Developers are also looking at boosting the residential stock in the city. Recently, Dar Al Arkan launched a prime integrated real estate project, Dar Al Mashaer, in the heart of Makkah city.
Located in a prestigious neighbourhood only 10 minutes’ drive from Masjid Al Haram and Jamarat Bridge, the seven-tower development will boast a total of 314 top-tier two, three- and four-bedroom apartments, together with six penthouses, complete with private swimming pools.
The development, spread over an area of 6,300 sq m with integrated leisure facilities, will set a new benchmark in urban living as well as offering the opportunity to spend quality time in one of the holiest cities in the world, according to the developer.
Work, meanwhile, is well under way on creating a cultural destination known as Masar in the western part of Makkah, which has called for a major transformation of the area. The project is mandated by a Royal Decree for the development of King Abdulaziz Road (KAAR).
The development’s masterplan is based on a main two-way road, 80-m wide, which allows for the seamless movement of vehicles and buses to and from the Holy Mosque. The two sides of the road will be separated by an urban cluster traversed by a pedestrian boulevard that will allow pilgrims to move easily to the Haram Al Sharif area from the western entrance of Makkah without hindering traffic flow.
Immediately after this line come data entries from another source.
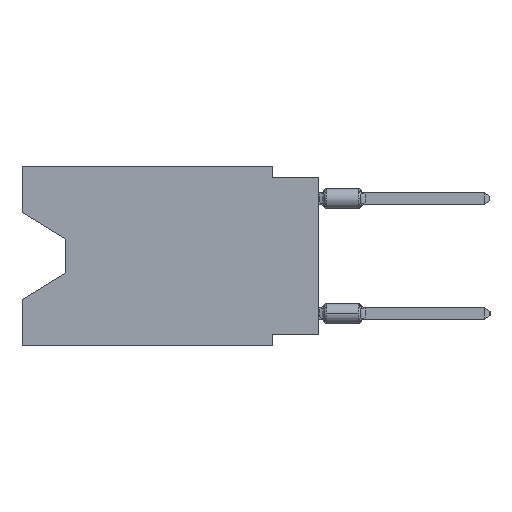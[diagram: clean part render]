
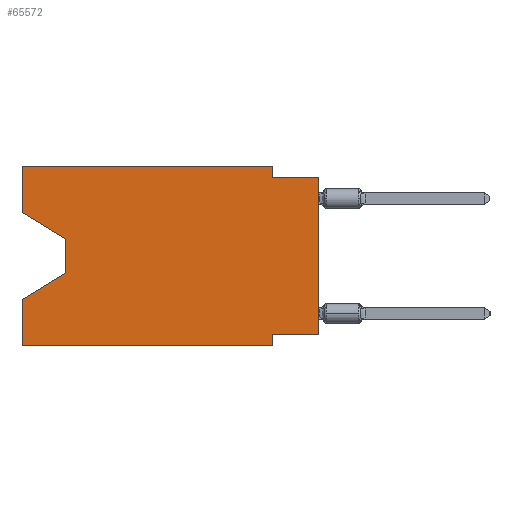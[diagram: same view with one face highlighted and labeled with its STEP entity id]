
A CAD part, left-side view. The second image highlights one B-rep face of the part: STEP entity #65572.
In plain terms, the highlighted planar face has unit normal (-1, 0, 0).
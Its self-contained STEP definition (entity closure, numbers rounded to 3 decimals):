
#178 = VERTEX_POINT ( 'NONE', #41711 ) ;
#434 = EDGE_LOOP ( 'NONE', ( #45684, #6684, #26551, #58628, #59615, #11259, #57603, #14913, #14686, #62036, #37159, #50670 ) ) ;
#535 = VECTOR ( 'NONE', #15756, 1000. ) ;
#4639 = CARTESIAN_POINT ( 'NONE',  ( 0., 2.54, -9.906 ) ) ;
#4961 = VERTEX_POINT ( 'NONE', #57765 ) ;
#5822 = LINE ( 'NONE', #10524, #52215 ) ;
#6130 = VECTOR ( 'NONE', #61492, 1000. ) ;
#6453 = EDGE_CURVE ( 'NONE', #56384, #14442, #25239, .T. ) ;
#6616 = DIRECTION ( 'NONE',  ( 0., 0., 1. ) ) ;
#6684 = ORIENTED_EDGE ( 'NONE', *, *, #17452, .T. ) ;
#6931 = VECTOR ( 'NONE', #47889, 1000. ) ;
#8905 = LINE ( 'NONE', #34385, #12551 ) ;
#10524 = CARTESIAN_POINT ( 'NONE',  ( 0., 16.383, 0. ) ) ;
#11259 = ORIENTED_EDGE ( 'NONE', *, *, #6453, .F. ) ;
#12551 = VECTOR ( 'NONE', #44759, 1000. ) ;
#14379 = VECTOR ( 'NONE', #50388, 1000. ) ;
#14442 = VERTEX_POINT ( 'NONE', #4639 ) ;
#14477 = DIRECTION ( 'NONE',  ( 1., 0., 0. ) ) ;
#14686 = ORIENTED_EDGE ( 'NONE', *, *, #37197, .F. ) ;
#14913 = ORIENTED_EDGE ( 'NONE', *, *, #18314, .T. ) ;
#15156 = EDGE_CURVE ( 'NONE', #62405, #14442, #58585, .T. ) ;
#15756 = DIRECTION ( 'NONE',  ( 0., -0.855, -0.519 ) ) ;
#15877 = DIRECTION ( 'NONE',  ( 0., 0., 1. ) ) ;
#17452 = EDGE_CURVE ( 'NONE', #178, #46009, #27142, .T. ) ;
#17463 = VECTOR ( 'NONE', #6616, 1000. ) ;
#18109 = EDGE_CURVE ( 'NONE', #46009, #28885, #8905, .T. ) ;
#18314 = EDGE_CURVE ( 'NONE', #55580, #65792, #21936, .T. ) ;
#18343 = CARTESIAN_POINT ( 'NONE',  ( 0., 16.383, 0. ) ) ;
#20516 = DIRECTION ( 'NONE',  ( 0., 0., -1. ) ) ;
#21173 = VERTEX_POINT ( 'NONE', #26795 ) ;
#21936 = LINE ( 'NONE', #31014, #6130 ) ;
#22199 = EDGE_CURVE ( 'NONE', #33017, #21173, #59410, .T. ) ;
#23443 = EDGE_CURVE ( 'NONE', #57214, #178, #41226, .T. ) ;
#24512 = VECTOR ( 'NONE', #20516, 1000. ) ;
#25239 = LINE ( 'NONE', #62047, #24512 ) ;
#25458 = CARTESIAN_POINT ( 'NONE',  ( 0., 2.54, 0. ) ) ;
#25638 = CARTESIAN_POINT ( 'NONE',  ( 0., 16.383, -9.906 ) ) ;
#26440 = CARTESIAN_POINT ( 'NONE',  ( 0., 16.383, -7.36 ) ) ;
#26551 = ORIENTED_EDGE ( 'NONE', *, *, #18109, .T. ) ;
#26795 = CARTESIAN_POINT ( 'NONE',  ( 0., 2.54, 0. ) ) ;
#27142 = LINE ( 'NONE', #31824, #30812 ) ;
#28885 = VERTEX_POINT ( 'NONE', #26440 ) ;
#29266 = CARTESIAN_POINT ( 'NONE',  ( 0., 16.383, 0. ) ) ;
#30488 = LINE ( 'NONE', #25458, #59385 ) ;
#30620 = DIRECTION ( 'NONE',  ( 0., -1., 0. ) ) ;
#30709 = CARTESIAN_POINT ( 'NONE',  ( 0., 2.54, -9.271 ) ) ;
#30812 = VECTOR ( 'NONE', #47907, 1000. ) ;
#31014 = CARTESIAN_POINT ( 'NONE',  ( 0., 0., 0. ) ) ;
#31824 = CARTESIAN_POINT ( 'NONE',  ( 0., 13.97, -4.013 ) ) ;
#33017 = VERTEX_POINT ( 'NONE', #18343 ) ;
#33186 = VECTOR ( 'NONE', #30620, 1000. ) ;
#34385 = CARTESIAN_POINT ( 'NONE',  ( 0., 13.97, -5.893 ) ) ;
#36876 = CARTESIAN_POINT ( 'NONE',  ( 0., 0., -0.635 ) ) ;
#37159 = ORIENTED_EDGE ( 'NONE', *, *, #22199, .F. ) ;
#37197 = EDGE_CURVE ( 'NONE', #4961, #65792, #61743, .T. ) ;
#37778 = CARTESIAN_POINT ( 'NONE',  ( 0., 16.383, 0. ) ) ;
#40030 = CARTESIAN_POINT ( 'NONE',  ( 0., 13.97, -5.893 ) ) ;
#41226 = LINE ( 'NONE', #42213, #535 ) ;
#41711 = CARTESIAN_POINT ( 'NONE',  ( 0., 13.97, -4.013 ) ) ;
#42213 = CARTESIAN_POINT ( 'NONE',  ( 0., 16.383, -2.546 ) ) ;
#42941 = EDGE_CURVE ( 'NONE', #62405, #28885, #47854, .T. ) ;
#43161 = CARTESIAN_POINT ( 'NONE',  ( 0., 16.383, -9.906 ) ) ;
#43552 = LINE ( 'NONE', #48283, #52958 ) ;
#44759 = DIRECTION ( 'NONE',  ( 0., 0.855, -0.519 ) ) ;
#45684 = ORIENTED_EDGE ( 'NONE', *, *, #23443, .T. ) ;
#45758 = AXIS2_PLACEMENT_3D ( 'NONE', #61035, #14477, #61369 ) ;
#46009 = VERTEX_POINT ( 'NONE', #40030 ) ;
#47610 = EDGE_CURVE ( 'NONE', #57214, #33017, #5822, .T. ) ;
#47854 = LINE ( 'NONE', #37778, #17463 ) ;
#47889 = DIRECTION ( 'NONE',  ( 0., -1., 0. ) ) ;
#47907 = DIRECTION ( 'NONE',  ( 0., 0., -1. ) ) ;
#48283 = CARTESIAN_POINT ( 'NONE',  ( 0., 0., -9.271 ) ) ;
#50388 = DIRECTION ( 'NONE',  ( 0., -1., 0. ) ) ;
#50670 = ORIENTED_EDGE ( 'NONE', *, *, #47610, .F. ) ;
#50745 = CARTESIAN_POINT ( 'NONE',  ( 0., 0., -0.635 ) ) ;
#51394 = EDGE_CURVE ( 'NONE', #55580, #56384, #43552, .T. ) ;
#51637 = EDGE_CURVE ( 'NONE', #21173, #4961, #30488, .T. ) ;
#52215 = VECTOR ( 'NONE', #15877, 1000. ) ;
#52958 = VECTOR ( 'NONE', #63985, 1000. ) ;
#55580 = VERTEX_POINT ( 'NONE', #57301 ) ;
#55696 = PLANE ( 'NONE',  #45758 ) ;
#56384 = VERTEX_POINT ( 'NONE', #30709 ) ;
#56904 = CARTESIAN_POINT ( 'NONE',  ( 0., 16.383, -2.546 ) ) ;
#57214 = VERTEX_POINT ( 'NONE', #56904 ) ;
#57301 = CARTESIAN_POINT ( 'NONE',  ( 0., 0., -9.271 ) ) ;
#57603 = ORIENTED_EDGE ( 'NONE', *, *, #51394, .F. ) ;
#57765 = CARTESIAN_POINT ( 'NONE',  ( 0., 2.54, -0.635 ) ) ;
#58585 = LINE ( 'NONE', #43161, #6931 ) ;
#58628 = ORIENTED_EDGE ( 'NONE', *, *, #42941, .F. ) ;
#59385 = VECTOR ( 'NONE', #61283, 1000. ) ;
#59410 = LINE ( 'NONE', #29266, #14379 ) ;
#59615 = ORIENTED_EDGE ( 'NONE', *, *, #15156, .T. ) ;
#60705 = FACE_OUTER_BOUND ( 'NONE', #434, .T. ) ;
#61035 = CARTESIAN_POINT ( 'NONE',  ( 0., 16.383, 0. ) ) ;
#61283 = DIRECTION ( 'NONE',  ( 0., 0., -1. ) ) ;
#61369 = DIRECTION ( 'NONE',  ( 0., 0., -1. ) ) ;
#61492 = DIRECTION ( 'NONE',  ( 0., 0., 1. ) ) ;
#61743 = LINE ( 'NONE', #50745, #33186 ) ;
#62036 = ORIENTED_EDGE ( 'NONE', *, *, #51637, .F. ) ;
#62047 = CARTESIAN_POINT ( 'NONE',  ( 0., 2.54, -9.906 ) ) ;
#62405 = VERTEX_POINT ( 'NONE', #25638 ) ;
#63985 = DIRECTION ( 'NONE',  ( 0., 1., 0. ) ) ;
#65572 = ADVANCED_FACE ( 'NONE', ( #60705 ), #55696, .F. ) ;
#65792 = VERTEX_POINT ( 'NONE', #36876 ) ;

The urban cluster, which extends through the length of the project, will host international hotels, commercial centres and retail outlets, green parks, government services complexes, medical and health centres, and many integrated cultural, recreational, and social amenities.
Masar spans a total area of 1.25 million sq m, in addition to the 141,000 sq m occupied by King Abdullah Mosque, which sits at the heart of the project. Extending 3,650 m long and 320 m wide, it links the First, Second and Third Ring Roads to the key roads – Abdullah Arif and Mansour streets. It also includes tunnels, metro stations, parking lots, and hotels, as well as residential, commercial, office, and service facilities.
The destination will also feature several landscaped green areas, as well as integrated cultural, recreational and social amenities.
Umm Alqura for Development and Construction (UAQ) is the owner and master-developer of the project.
Meanwhile, in Madinah, a major economic city known as Knowledge Economic City (KEC) is taking shape. In April this year, the city witnessed the inauguration of a number of projects, while several commercial, residential, tourism and entertainment projects received the go-ahead with the signing of key contracts.
These contracts included a tripartite agreement between the Saudi Tourism Development Fund (TDF), Riyad Bank and the KEC to finance Phase One of the project, which will be implemented with the support of the Madinah Region Development Authority, according to Arab News.
Phase One includes the construction of a commercial market, a Hilton hotel, the Boulevard commercial walkway, recreational area and health and sports centre.
The Tourism Development Fund of the Ministry of Tourism is financing the project as part of the fund’s strategy to provide support to private sector investors and boost the establishment of modern tourism projects
KEC has also agreed to the terms for the management of the Madinah Gate Fund Project Development, which aims to develop the lands adjacent to the Haramain high-speed train station in Madinah and the area overlooking Prince Nayef Road. The development includes the construction of a 325-key four-star hotel and hotel apartments managed by the Hilton Group, markets, shops, restaurants, entertainment area, a bus stop and other services.